The research has been awarded a $2.5 million grant from the National Cancer Institute and aim to create an endoscope that will help identify precancerous and cancerous lesions of the mouth. “When oral cancer is diagnosed early, treating the patient is much more effective and a lot less invasive,” said Dr. Javier A. Jo, a professor in the School of Electrical and Computer Engineering at the university and a member of the Stephenson Cancer Center at OU Medicine at the OU Health Sciences Center campus in Oklahoma City.
A general dentist is usually the first health provider to examine the tissue inside the mouth and search for oral lesions. According to Jo, it is often difficult to distinguish a benign lesion from other types of lesion, and a dentist’s knowledge of and experience in oral cancer screening may play an important role in oral cancer detection. Moreover, after discovering a suspicious lesion, the dentist would typically refer a patient to an oral pathologist for a tissue biopsy. If the lesion is large, the pathologist has to decide from which area to take the biopsy sample and may take it from a noncancerous portion of the lesion.
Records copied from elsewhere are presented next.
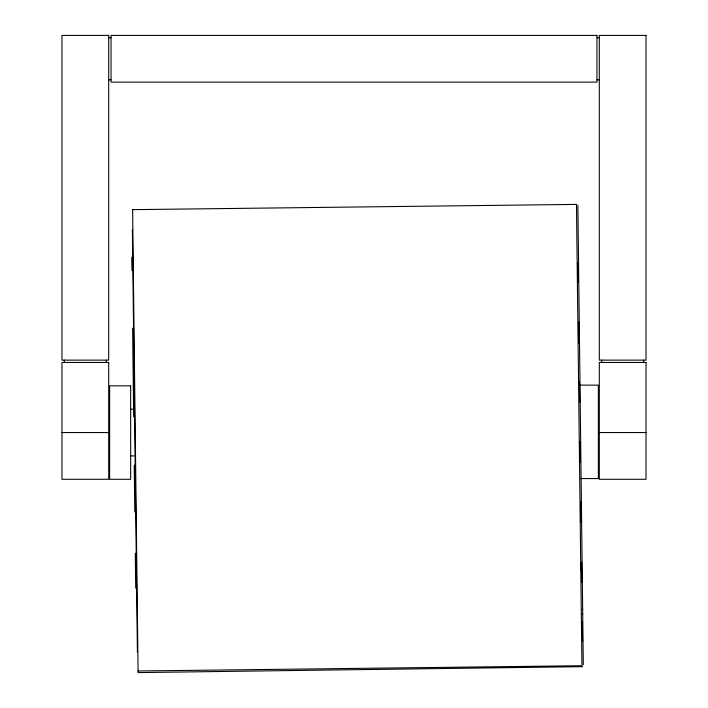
<?xml version="1.0" encoding="UTF-8"?>
<svg xmlns="http://www.w3.org/2000/svg" width="708" height="708" viewBox="0 0 708 708"><rect width="100%" height="100%" fill="white"/><g stroke="black" fill="none" stroke-linecap="round" stroke-linejoin="round"><path stroke-width="1.06" d="M132.617 209.648L576.462 204.4L581.923 665.732L138.078 670.989M582.188 609.473L582.657 609.464M582.241 614.172L582.711 614.172M581.932 666.67L582.401 666.662L138.095 672.6L132.617 209.391M108.696 37.736L111.032 37.736M596.968 37.736L599.304 37.736M108.696 79.792L111.032 79.792M596.968 79.792L599.304 79.792M579.445 385.134L598.366 385.134L598.366 478.573L580.498 478.573M130.803 409.189L134.113 409.189M61.977 432.553L108.696 432.553M599.304 432.553L646.023 432.553M130.803 455.917L134.113 455.917M581.162 562.232L581.268 570.984M577.878 205.311L578.71 275.908M578.719 276.633L583.312 664.785M578.091 262.615L578.321 282.404M578.79 322.051L579.047 343.548M579.489 381.4L579.737 402.268M580.206 441.606L580.454 462.351M580.914 501.892L581.162 522.354M581.631 562.347L581.87 582.197M582.339 621.686L582.569 641.28M132.387 229.958L137.387 652.05M131.776 257.19L131.936 270.589M132.617 328.14L133.67 416.932M134.237 465.085L134.794 511.964M135.281 553.302L135.697 588.109M643.687 360.133L643.687 362.469M601.632 360.133L601.632 362.469M106.368 360.133L106.368 362.469M64.313 360.133L64.313 362.469M108.696 35.4L61.977 35.4L61.977 360.133L108.696 360.133L108.696 35.4M596.968 35.4L111.032 35.4L111.032 82.128L596.968 82.128L596.968 35.4M646.023 35.4L599.304 35.4L599.304 360.133L646.023 360.133L646.023 35.4M108.696 362.469L61.977 362.469L61.977 479.281L108.696 479.281L108.696 362.469M646.023 362.469L599.304 362.469L599.304 479.281L646.023 479.281L646.023 362.469M130.661 385.833L109.634 385.833L109.634 479.281L130.661 479.281L130.661 385.833"/></g></svg>
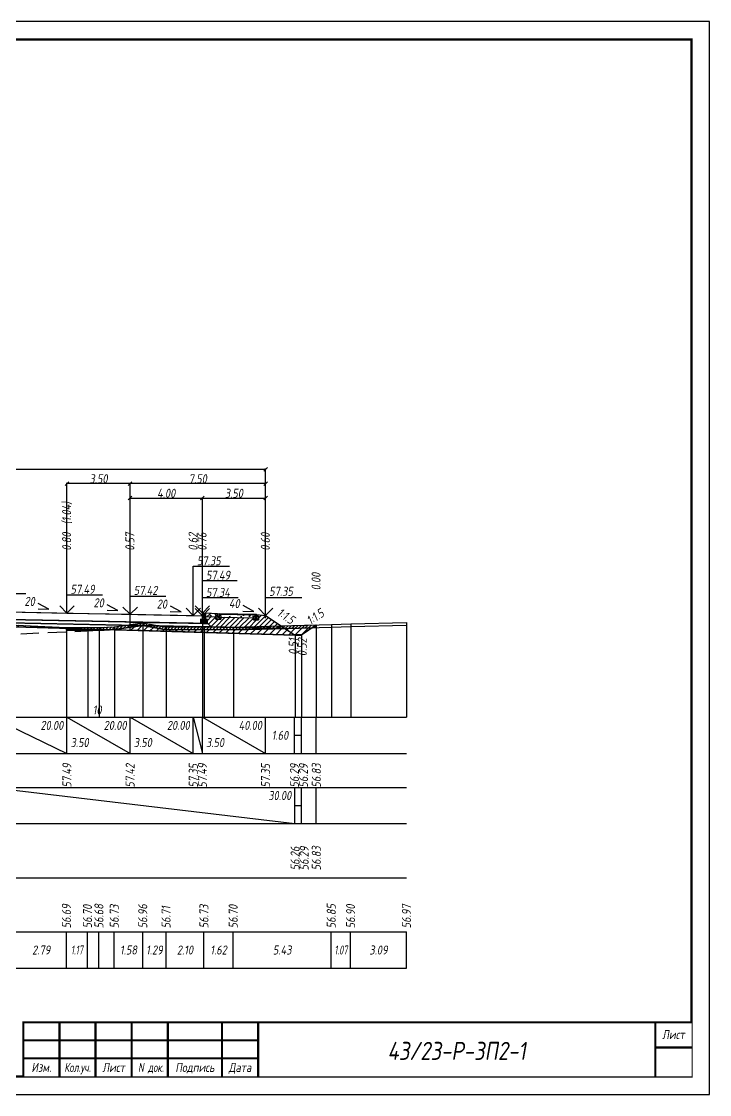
# Model space of a CAD drawing. Extents: x -717 to 1451, y -133302 to 233.
# Drawn here: x 199.4 to 389.9, y -71902.4 to -71605.4 of the extents above; entities that cross this region are included whole.
import ezdxf
from ezdxf.enums import TextEntityAlignment as Align

# ---------------------------------------------------------------- set-up
doc = ezdxf.new("R2010")
doc.units = 0
doc.linetypes.add('штриховая', pattern=[0.75, 0.5, -0.25])
for name, color, linetype in [('Зарамочное оформление', 7, 'Continuous'), ('Интерполированный поперечник', 2, 'Continuous'), ('КОД_399', 252, 'Continuous'), ('Код_510', 7, 'Continuous'), ('Код_514', 1, 'Continuous'), ('Код_516', 1, 'Continuous'), ('Контур_0', 7, 'Continuous'), ('Контур_2660', 7, 'Continuous'), ('Контур_2665', 7, 'Continuous'), ('Контур_400', 7, 'Continuous'), ('Контур_508', 7, 'Continuous'), ('Контур_512', 7, 'Continuous'), ('Контур_513', 7, 'Continuous'), ('Красный поперечник', 1, 'Continuous'), ('Объём_2501', 7, 'Continuous'), ('Объём_2650', 7, 'Continuous'), ('Объём_2660', 7, 'Continuous'), ('Объём_2661', 7, 'Continuous'), ('Объём_2662', 7, 'Continuous'), ('Объём_2663', 7, 'Continuous'), ('Объём_2664', 7, 'Continuous'), ('Объём_2665', 7, 'Continuous'), ('Объём_2666', 7, 'Continuous'), ('Объём_2667', 7, 'Continuous'), ('Объём_2668', 7, 'Continuous'), ('Объём_2669', 7, 'Continuous'), ('Объём_2675', 7, 'Continuous'), ('Откосы', 7, 'Continuous'), ('Отметки покрытия', 7, 'Continuous'), ('Рабочие отметки', 7, 'Continuous'), ('Рабочие отметки доп.', 7, 'Continuous'), ('Слои выравнивания', 7, 'Continuous'), ('Таблица', 7, 'Continuous'), ('Уклоны проезжей части', 7, 'Continuous'), ('Черный поперечник', 3, 'Continuous')]:
    doc.layers.add(name, color=color, linetype=linetype)
for name, color, linetype, true_color in [('Контур_2540', 2, 'Continuous', 0xffff00), ('Контур_2562', 3, 'Continuous', 0x00ff00), ('Контур_2570', 7, 'Continuous', 0x80ff00), ('Контур_2736', 4, 'Continuous', 0x00ffff), ('Контур_2737', 4, 'Continuous', 0x00ffff), ('Контур_2738', 4, 'Continuous', 0x00ffff), ('Контур_2739', 4, 'Continuous', 0x00ffff), ('Контур_2741', 4, 'Continuous', 0x00ffff), ('Контур_2742', 4, 'Continuous', 0x00ffff), ('Контур_2743', 4, 'Continuous', 0x00ffff), ('Контур_2744', 7, 'Continuous', 0xa4ffff), ('Контур_2745', 7, 'Continuous', 0xa4ffff), ('Контур_2747', 4, 'Continuous', 0x00ffff), ('Контур_2748', 4, 'Continuous', 0x00ffff), ('Контур_2749', 4, 'Continuous', 0x00ffff), ('Контур_2750', 4, 'Continuous', 0x00ffff), ('Контур_2751', 4, 'Continuous', 0x00ffff), ('Контур_2752', 4, 'Continuous', 0x00ffff), ('Контур_402', 7, 'Continuous', 0xff6464), ('Контур_703', 4, 'Continuous', 0x00ffff), ('Контур_705', 4, 'Continuous', 0x00ffff), ('Контур_707', 4, 'Continuous', 0x00ffff), ('Контур_720', 131, 'Continuous', 0xaaffff), ('Объём_2500', 7, 'Continuous', 0xc0c0c0), ('Объём_2520', 7, 'Continuous', 0x80ffff), ('Объём_2540', 2, 'Continuous', 0xffff00), ('Объём_2562', 3, 'Continuous', 0x00ff00), ('Объём_2563', 7, 'Continuous', 0xff8000), ('Объём_2570', 7, 'Continuous', 0x80ff00), ('Объём_2600', 7, 'Continuous', 0x808000), ('Объём_2620', 2, 'Continuous', 0xffff00), ('Объём_2746', 2, 'Continuous', 0xffff00)]:
    doc.layers.add(name, color=color, linetype=linetype, true_color=true_color)
doc.styles.get("Standard").update_dxf_attribs({"font": 'txt', "height": 2.5})
doc.styles.add('М', font='romand.shx', dxfattribs={"width": 0.8, "oblique": 10, "height": 2.5})
doc.dimstyles.get("Standard").update_dxf_attribs({"dimtxt": 0.18, "dimasz": 0.18, "dimexe": 0.18, "dimexo": 0.0625, "dimgap": 0.09, "dimtad": 0, "dimtih": 1, "dimtoh": 1, "dimdec": 4, "dimzin": 0, "dimdsep": 46, "dimtxsty": 'Standard', "dimcen": 0.09, "dimadec": 0, "dimazin": 0, "dimtfac": 1, "dimtdec": 4, "dimtofl": 0, "dimtmove": 0, "dimatfit": 3, "dimfxl": 1, "dimtolj": 1, "dimtzin": 0, "dimarcsym": 0})

# ---------------------------------------------------------------- blocks, each defined once
blk = doc.blocks.new('Штамп')
at = {"linetype": 'Continuous'}
blk.add_wipeout([(199.95, -411.25), (384.95, -411.25), (384.95, -426.25), (199.95, -426.25)], dxfattribs=at).dxf.layer = 'Зарамочное оформление'
at = {"layer": 'Зарамочное оформление', "linetype": 'Continuous', "lineweight": -3, "const_width": 0.6, "flags": 128}
for points in [[(199.95, -426.25), (199.95, -411.25), (384.95, -411.25)], [(209.95, -411.25), (209.95, -426.25)], [(219.95, -411.25), (219.95, -426.25)], [(229.95, -411.25), (229.95, -426.25)], [(239.95, -411.25), (239.95, -426.25)], [(254.95, -411.25), (254.95, -426.25)], [(264.95, -411.25), (264.95, -426.25)], [(374.95, -411.25), (374.95, -426.25)], [(199.95, -416.25), (264.95, -416.25)], [(374.95, -418.25), (384.95, -418.25)], [(199.95, -421.25), (264.95, -421.25)]]:
    blk.add_lwpolyline(points, dxfattribs=at)
at = {"linetype": 'Continuous', "insert": (319.95, -419.17), "char_height": 5, "width": 110, "attachment_point": 5, "style": 'М'}
blk.add_mtext('{\\Q10;\\W0.8;43/23-Р-ЗП2-1}', dxfattribs=at)
at = {"layer": 'Зарамочное оформление', "linetype": 'Continuous', "style": 'М', "oblique": 10}
for s, width, p in [('Лист', 0.8, (379.95, -414.66)), ('Изм.', 0.8, (204.95, -423.75)), ('Кол.уч.', 0.7, (214.95, -423.75)), ('Лист', 0.8, (224.95, -423.75)), ('N док.', 0.7, (235.28, -423.75)), ('Подпись', 0.8, (247.45, -423.75)), ('Дата', 0.8, (259.95, -423.75))]:
    blk.add_text(s, height=2.5, dxfattribs=dict(at, width=width)).set_placement(p, align=Align.MIDDLE_CENTER)
blk = doc.blocks.new('шифр')
blk.add_blockref('Штамп', (0, -71531))
blk = doc.blocks.new('_Oblique')
at = {"color": 0, "linetype": 'ByBlock', "lineweight": -2}
blk.add_line((-0.5, -0.5), (0.5, 0.5), dxfattribs=at)
blk = doc.blocks.new('*D3434')
at = {"color": 0, "lineweight": -2, "transparency": 16777216}
for p, q in [((249.51, -71769.9), (249.51, -71737.16)), ((249.51, -71737.34), (267.01, -71737.34)), ((267.01, -71769.85), (267.01, -71737.16))]:
    blk.add_line(p, q, dxfattribs=at)
at = {"layer": 'Defpoints', "color": 0, "transparency": 16777216}
for p in [(267.01, -71737.34), (249.51, -71769.96), (267.01, -71769.91)]:
    blk.add_point(p, dxfattribs=at)
at = {"color": 0, "lineweight": -2, "transparency": 16777216, "rotation": 180}
blk.add_blockref('_Oblique', (249.51, -71737.34), dxfattribs=at)
at = {"color": 0, "lineweight": -2, "transparency": 16777216}
blk.add_blockref('_Oblique', (267.01, -71737.34), dxfattribs=at)
at = {"color": 0, "transparency": 16777216, "insert": (258.26, -71736), "char_height": 2.5, "width": 9.5833, "attachment_point": 5, "style": 'М'}
blk.add_mtext('\\A1;3.50', dxfattribs=at)
blk = doc.blocks.new('*D3436')
at = {"color": 0, "lineweight": -2, "transparency": 16777216}
for p, q in [((229.51, -71769.5), (229.51, -71737.16)), ((229.51, -71737.34), (249.51, -71737.34)), ((249.51, -71769.9), (249.51, -71737.16))]:
    blk.add_line(p, q, dxfattribs=at)
at = {"layer": 'Defpoints', "color": 0, "transparency": 16777216}
for p in [(249.51, -71737.34), (229.51, -71769.56), (249.51, -71769.96)]:
    blk.add_point(p, dxfattribs=at)
at = {"color": 0, "lineweight": -2, "transparency": 16777216, "rotation": 180}
blk.add_blockref('_Oblique', (229.51, -71737.34), dxfattribs=at)
at = {"color": 0, "lineweight": -2, "transparency": 16777216}
blk.add_blockref('_Oblique', (249.51, -71737.34), dxfattribs=at)
at = {"color": 0, "transparency": 16777216, "insert": (239.51, -71736), "char_height": 2.5, "width": 9.1667, "attachment_point": 5, "style": 'М'}
blk.add_mtext('\\A1;4.00', dxfattribs=at)
blk = doc.blocks.new('*D3438')
at = {"color": 0, "lineweight": -2, "transparency": 16777216}
for p, q in [((212.01, -71769.15), (212.01, -71733.16)), ((229.51, -71733.34), (212.01, -71733.34)), ((229.51, -71769.5), (229.51, -71733.16))]:
    blk.add_line(p, q, dxfattribs=at)
at = {"layer": 'Defpoints', "color": 0, "transparency": 16777216}
for p in [(212.01, -71733.34), (212.01, -71769.21), (229.51, -71769.56)]:
    blk.add_point(p, dxfattribs=at)
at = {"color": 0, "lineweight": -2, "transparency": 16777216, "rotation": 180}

“Those are two main barriers to detecting oral cancer early,” Jo noted. “What’s missing is an objective and quantitative tool to provide more precise information about the presence of malignant versus benign lesions.”
Jo is developing fluorescence imaging endoscopes and combining them with artificial intelligence technologies. Since cancer cells divide very quickly, the researcher is looking for changes in the fluorescence characteristics of specific molecules associated with increased cell activity. Currently, the research team is engineering the endoscopes that will be sent to several clinical centers where patients with suspicious lesions will be imaged before having a biopsy to confirm or exclude the presence of oral cancer.
“Once we have a computer algorithm that can discern different types of lesions, we can put that algorithm into the endoscope and test it on a larger group of patients to see if it works with enough accuracy to be clinically useful,” Jo said. The technology will first be used in dentists’ offices and will later be tested by oral pathologists.
“We are excited by the prospects of Dr. Jo’s innovative research,” said Prof. Robert S. Mannel, Rainbolt Family Endowed Chair in Cancer and Director of the Stephenson Cancer Center. “Not only does it point to a promising avenue of improving patient outcomes through earlier cancer detection, it also underscores the close collaboration between Stephenson Cancer Center researchers at the OU Health Sciences Center and OU Norman campuses,” he concluded.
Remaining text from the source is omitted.